## Task prompt
The response must be made up of the lines in the entries below that contain "left".

[Stored data entries]
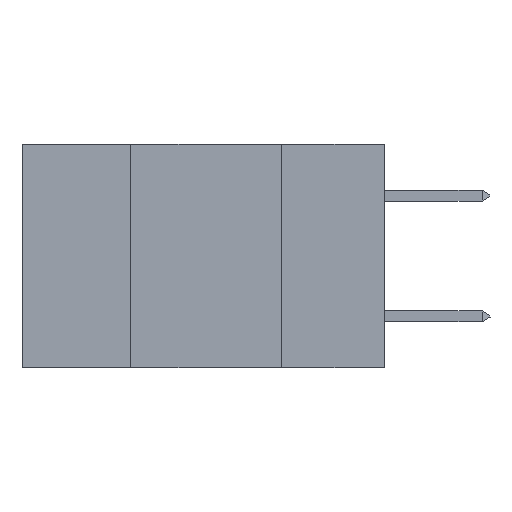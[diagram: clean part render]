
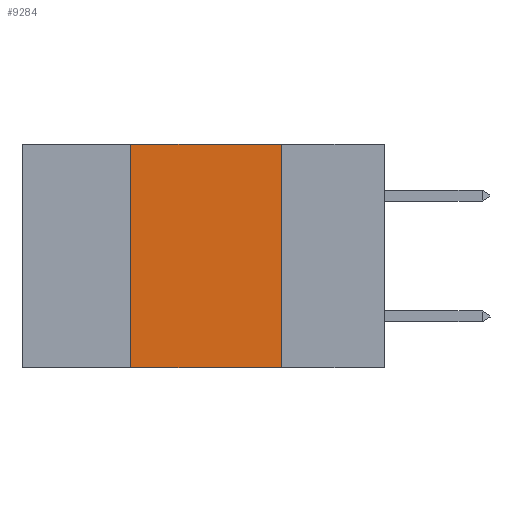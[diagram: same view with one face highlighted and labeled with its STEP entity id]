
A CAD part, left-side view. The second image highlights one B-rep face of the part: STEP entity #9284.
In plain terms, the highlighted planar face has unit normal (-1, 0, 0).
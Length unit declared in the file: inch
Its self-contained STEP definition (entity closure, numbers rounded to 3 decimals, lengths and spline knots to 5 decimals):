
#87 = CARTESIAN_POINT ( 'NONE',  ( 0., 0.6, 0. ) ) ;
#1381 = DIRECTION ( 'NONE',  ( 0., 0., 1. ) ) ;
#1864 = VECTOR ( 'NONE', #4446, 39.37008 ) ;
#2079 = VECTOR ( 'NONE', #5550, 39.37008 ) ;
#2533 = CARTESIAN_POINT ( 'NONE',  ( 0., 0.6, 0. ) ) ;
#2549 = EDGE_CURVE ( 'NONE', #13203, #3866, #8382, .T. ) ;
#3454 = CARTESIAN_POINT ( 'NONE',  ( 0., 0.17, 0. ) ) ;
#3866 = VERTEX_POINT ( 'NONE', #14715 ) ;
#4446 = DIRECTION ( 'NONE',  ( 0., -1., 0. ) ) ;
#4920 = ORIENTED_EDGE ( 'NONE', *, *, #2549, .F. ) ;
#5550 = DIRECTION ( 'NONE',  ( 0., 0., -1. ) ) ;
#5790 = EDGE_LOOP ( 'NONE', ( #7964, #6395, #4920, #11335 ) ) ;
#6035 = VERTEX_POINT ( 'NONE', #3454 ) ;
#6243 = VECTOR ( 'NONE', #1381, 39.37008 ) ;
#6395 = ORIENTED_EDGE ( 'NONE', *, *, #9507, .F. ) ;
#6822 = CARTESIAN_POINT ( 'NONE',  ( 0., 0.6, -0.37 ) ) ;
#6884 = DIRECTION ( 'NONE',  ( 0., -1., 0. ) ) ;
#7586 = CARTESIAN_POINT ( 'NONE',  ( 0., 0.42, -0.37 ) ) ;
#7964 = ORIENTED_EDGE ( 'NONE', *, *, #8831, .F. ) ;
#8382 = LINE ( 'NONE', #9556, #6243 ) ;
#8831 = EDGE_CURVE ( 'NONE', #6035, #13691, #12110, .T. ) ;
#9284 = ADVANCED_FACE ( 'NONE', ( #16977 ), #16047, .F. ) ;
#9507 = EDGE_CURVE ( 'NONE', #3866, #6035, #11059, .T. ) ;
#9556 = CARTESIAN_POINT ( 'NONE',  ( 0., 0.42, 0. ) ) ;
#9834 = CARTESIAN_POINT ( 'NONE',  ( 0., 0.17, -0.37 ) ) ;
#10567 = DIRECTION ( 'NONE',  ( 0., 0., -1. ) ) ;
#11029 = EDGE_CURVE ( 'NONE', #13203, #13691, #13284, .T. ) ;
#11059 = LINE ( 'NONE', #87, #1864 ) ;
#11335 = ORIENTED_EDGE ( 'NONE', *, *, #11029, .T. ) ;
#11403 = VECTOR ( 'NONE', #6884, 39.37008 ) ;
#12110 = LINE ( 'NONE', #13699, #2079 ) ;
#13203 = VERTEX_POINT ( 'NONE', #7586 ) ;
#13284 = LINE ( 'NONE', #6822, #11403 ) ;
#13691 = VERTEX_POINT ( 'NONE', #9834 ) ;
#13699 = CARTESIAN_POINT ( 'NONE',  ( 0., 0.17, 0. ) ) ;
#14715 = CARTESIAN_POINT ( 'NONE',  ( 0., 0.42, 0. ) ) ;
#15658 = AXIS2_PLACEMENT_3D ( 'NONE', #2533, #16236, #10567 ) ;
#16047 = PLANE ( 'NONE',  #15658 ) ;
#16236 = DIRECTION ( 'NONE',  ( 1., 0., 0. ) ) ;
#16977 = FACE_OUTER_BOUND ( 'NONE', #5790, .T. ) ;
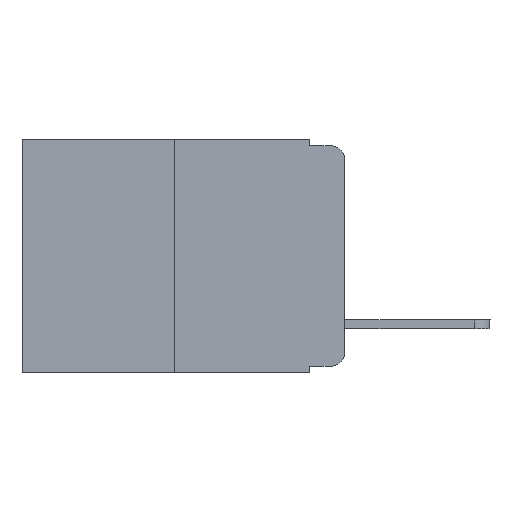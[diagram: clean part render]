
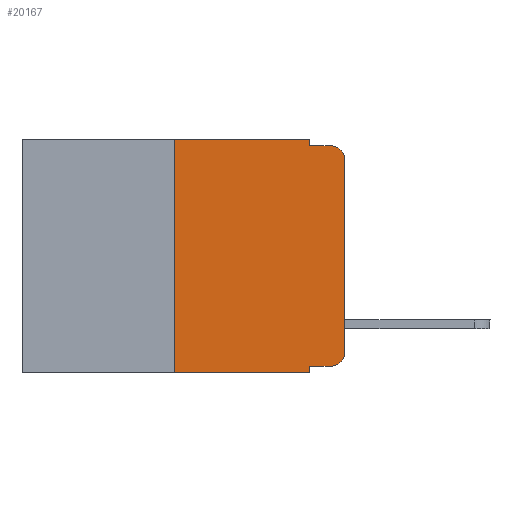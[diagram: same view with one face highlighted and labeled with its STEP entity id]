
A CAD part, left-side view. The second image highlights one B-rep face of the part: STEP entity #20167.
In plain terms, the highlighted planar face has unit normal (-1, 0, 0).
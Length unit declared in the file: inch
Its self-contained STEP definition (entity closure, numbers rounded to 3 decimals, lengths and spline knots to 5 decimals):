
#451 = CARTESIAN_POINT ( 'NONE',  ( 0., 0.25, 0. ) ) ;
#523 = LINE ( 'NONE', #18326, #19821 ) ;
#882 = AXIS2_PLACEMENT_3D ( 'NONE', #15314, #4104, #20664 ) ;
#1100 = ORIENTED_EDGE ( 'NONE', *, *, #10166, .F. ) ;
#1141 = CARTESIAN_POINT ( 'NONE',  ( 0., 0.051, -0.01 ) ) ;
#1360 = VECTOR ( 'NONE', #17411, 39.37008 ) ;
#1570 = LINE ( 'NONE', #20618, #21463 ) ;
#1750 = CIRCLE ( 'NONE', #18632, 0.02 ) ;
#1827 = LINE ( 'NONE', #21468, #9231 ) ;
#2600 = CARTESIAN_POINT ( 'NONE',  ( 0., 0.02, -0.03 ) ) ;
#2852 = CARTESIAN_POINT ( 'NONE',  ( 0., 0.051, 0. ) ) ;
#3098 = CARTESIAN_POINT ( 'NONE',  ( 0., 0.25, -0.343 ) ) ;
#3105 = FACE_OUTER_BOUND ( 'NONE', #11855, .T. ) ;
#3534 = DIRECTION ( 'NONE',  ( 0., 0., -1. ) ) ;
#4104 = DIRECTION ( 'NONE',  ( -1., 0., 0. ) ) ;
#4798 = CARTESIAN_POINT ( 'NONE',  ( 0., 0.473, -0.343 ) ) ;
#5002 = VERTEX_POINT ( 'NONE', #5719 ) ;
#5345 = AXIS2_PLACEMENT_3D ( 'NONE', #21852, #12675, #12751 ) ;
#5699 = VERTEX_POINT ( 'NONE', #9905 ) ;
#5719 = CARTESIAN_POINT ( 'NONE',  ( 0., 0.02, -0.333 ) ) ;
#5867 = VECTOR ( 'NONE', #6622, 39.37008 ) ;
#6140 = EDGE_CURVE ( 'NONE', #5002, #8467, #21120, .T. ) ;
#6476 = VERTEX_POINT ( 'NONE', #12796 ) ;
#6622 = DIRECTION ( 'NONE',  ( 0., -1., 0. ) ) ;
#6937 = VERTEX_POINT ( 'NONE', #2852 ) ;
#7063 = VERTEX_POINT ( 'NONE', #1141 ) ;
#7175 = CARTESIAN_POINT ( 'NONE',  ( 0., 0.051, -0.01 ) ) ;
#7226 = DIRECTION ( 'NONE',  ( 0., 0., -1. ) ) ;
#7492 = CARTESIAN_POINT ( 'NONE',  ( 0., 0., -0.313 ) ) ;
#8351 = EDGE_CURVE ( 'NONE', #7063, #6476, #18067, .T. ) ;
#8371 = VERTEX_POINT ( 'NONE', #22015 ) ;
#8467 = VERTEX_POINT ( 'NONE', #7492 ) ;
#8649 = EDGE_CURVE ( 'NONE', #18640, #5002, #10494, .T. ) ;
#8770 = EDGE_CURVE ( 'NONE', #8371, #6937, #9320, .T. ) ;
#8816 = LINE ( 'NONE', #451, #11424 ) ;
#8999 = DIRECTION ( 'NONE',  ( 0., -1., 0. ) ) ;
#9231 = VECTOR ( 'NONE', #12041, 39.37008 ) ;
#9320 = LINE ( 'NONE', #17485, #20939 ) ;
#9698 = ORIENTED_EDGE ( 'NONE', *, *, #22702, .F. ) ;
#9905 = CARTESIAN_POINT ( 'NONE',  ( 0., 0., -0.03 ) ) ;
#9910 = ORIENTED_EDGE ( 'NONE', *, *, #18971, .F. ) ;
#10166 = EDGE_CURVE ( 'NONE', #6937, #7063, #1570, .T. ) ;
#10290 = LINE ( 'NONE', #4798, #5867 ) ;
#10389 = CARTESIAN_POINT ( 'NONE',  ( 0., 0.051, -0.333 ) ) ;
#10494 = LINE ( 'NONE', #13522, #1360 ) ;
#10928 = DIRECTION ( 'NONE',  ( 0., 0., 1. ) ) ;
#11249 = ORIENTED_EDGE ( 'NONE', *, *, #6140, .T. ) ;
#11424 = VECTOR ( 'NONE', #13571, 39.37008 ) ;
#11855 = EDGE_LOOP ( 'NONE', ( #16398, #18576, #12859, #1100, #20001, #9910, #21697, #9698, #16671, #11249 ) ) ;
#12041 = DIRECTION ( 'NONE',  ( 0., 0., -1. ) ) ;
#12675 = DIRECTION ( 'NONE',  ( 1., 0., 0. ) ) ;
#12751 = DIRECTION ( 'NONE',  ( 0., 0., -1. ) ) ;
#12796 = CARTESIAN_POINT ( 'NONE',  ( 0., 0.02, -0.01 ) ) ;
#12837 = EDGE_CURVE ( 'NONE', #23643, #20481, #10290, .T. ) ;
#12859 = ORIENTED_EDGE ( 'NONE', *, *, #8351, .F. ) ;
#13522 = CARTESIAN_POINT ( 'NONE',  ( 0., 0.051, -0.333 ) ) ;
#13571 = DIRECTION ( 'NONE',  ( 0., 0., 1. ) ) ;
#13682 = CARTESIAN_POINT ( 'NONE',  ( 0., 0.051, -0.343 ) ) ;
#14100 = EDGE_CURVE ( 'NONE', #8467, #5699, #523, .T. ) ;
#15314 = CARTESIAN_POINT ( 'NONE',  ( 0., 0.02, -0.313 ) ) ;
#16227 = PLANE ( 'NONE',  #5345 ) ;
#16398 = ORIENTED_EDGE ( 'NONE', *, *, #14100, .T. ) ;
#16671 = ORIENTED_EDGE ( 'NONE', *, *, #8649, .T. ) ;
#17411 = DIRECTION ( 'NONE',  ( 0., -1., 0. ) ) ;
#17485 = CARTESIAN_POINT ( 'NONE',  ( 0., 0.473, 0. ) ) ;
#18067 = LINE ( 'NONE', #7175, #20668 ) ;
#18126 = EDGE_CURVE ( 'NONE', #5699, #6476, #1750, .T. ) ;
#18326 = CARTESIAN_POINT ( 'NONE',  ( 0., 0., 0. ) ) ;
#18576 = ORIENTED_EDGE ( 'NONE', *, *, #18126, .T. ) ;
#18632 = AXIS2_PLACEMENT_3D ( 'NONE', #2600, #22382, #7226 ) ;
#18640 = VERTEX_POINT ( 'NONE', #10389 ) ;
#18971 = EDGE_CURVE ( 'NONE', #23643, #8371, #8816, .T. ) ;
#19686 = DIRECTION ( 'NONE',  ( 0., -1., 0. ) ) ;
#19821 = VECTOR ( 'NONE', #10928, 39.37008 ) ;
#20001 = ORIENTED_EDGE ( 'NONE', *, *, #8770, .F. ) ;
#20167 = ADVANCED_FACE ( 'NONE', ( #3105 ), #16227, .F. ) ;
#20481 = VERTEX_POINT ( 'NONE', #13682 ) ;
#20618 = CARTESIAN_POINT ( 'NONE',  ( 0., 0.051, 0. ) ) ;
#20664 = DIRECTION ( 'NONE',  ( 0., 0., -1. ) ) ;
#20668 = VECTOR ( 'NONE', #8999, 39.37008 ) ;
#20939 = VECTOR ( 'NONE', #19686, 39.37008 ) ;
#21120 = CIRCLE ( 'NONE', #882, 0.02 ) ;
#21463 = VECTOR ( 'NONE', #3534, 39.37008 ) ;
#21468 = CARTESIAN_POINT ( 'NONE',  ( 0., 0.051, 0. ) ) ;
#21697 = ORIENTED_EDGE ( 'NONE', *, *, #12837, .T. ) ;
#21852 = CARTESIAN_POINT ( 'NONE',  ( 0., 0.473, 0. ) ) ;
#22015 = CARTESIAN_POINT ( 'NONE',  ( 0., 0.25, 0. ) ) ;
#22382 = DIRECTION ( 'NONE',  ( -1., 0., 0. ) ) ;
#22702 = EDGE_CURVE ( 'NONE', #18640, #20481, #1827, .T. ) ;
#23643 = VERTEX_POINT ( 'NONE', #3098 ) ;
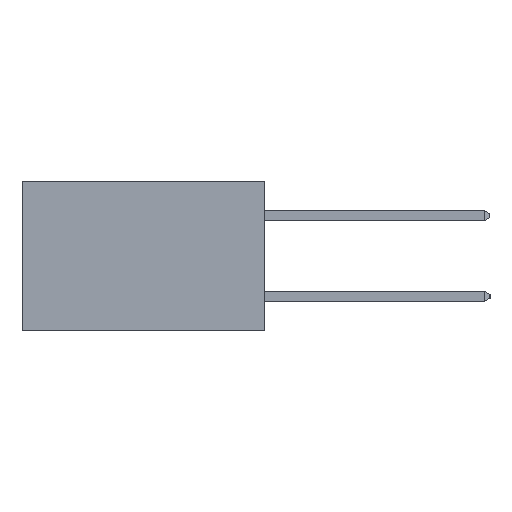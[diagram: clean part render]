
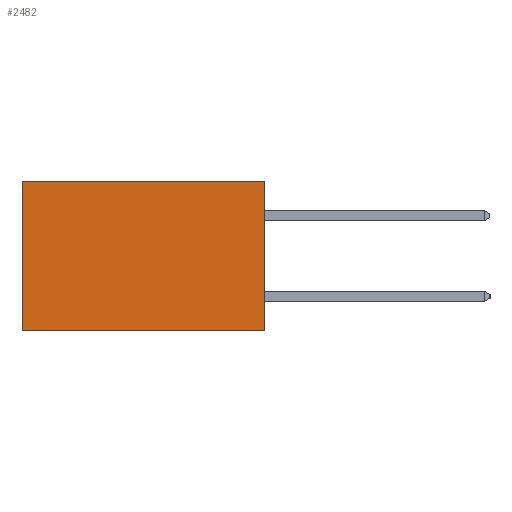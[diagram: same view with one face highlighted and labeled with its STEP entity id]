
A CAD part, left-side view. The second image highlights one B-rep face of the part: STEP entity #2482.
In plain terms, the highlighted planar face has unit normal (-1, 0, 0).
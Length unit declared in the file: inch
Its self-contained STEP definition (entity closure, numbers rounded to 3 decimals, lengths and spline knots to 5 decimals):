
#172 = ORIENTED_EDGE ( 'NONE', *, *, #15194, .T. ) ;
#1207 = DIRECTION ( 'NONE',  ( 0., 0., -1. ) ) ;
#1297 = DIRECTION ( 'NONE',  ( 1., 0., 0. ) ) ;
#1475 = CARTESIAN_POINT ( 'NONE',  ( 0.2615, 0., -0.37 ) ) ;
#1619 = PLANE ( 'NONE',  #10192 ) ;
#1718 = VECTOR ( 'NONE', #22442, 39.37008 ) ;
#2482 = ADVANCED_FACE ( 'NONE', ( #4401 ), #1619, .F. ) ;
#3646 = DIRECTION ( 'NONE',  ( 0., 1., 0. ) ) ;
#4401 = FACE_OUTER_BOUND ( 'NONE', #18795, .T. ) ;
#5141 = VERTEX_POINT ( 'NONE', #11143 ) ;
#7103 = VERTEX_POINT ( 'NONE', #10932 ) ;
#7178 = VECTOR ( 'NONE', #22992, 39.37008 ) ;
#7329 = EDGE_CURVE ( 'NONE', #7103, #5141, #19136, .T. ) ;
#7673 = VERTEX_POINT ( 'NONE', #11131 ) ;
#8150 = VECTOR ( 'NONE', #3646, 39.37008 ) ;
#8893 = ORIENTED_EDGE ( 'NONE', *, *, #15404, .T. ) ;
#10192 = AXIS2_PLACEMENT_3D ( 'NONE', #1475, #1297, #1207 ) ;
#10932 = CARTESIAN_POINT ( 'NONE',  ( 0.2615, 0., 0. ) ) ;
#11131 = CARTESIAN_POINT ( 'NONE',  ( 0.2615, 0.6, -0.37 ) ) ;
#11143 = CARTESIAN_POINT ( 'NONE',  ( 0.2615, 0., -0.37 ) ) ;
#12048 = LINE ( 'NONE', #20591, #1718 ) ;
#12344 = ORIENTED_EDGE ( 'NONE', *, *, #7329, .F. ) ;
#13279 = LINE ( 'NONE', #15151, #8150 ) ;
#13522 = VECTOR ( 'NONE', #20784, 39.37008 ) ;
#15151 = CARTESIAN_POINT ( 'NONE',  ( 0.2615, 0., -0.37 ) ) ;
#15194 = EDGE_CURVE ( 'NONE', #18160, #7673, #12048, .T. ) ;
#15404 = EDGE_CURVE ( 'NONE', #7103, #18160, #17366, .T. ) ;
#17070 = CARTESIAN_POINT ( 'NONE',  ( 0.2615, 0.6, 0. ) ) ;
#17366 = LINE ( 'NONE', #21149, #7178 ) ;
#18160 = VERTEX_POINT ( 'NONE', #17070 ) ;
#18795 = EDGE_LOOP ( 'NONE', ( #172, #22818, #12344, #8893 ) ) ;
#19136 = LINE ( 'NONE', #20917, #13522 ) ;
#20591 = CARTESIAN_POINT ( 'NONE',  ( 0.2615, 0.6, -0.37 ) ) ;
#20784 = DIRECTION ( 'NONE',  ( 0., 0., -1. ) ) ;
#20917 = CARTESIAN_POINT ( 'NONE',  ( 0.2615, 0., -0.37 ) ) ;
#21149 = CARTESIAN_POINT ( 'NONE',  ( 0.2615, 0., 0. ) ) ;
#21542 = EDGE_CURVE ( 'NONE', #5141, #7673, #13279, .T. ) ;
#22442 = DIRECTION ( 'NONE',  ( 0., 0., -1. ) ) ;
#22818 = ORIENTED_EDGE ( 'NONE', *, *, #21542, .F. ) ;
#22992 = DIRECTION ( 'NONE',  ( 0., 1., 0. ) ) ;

## Answer to this task
A CAD part, left-side view. The second image highlights one B-rep face of the part: STEP entity #9284.
A CAD part, left-side view. The second image highlights one B-rep face of the part: STEP entity #20167.
A CAD part, left-side view. The second image highlights one B-rep face of the part: STEP entity #2482.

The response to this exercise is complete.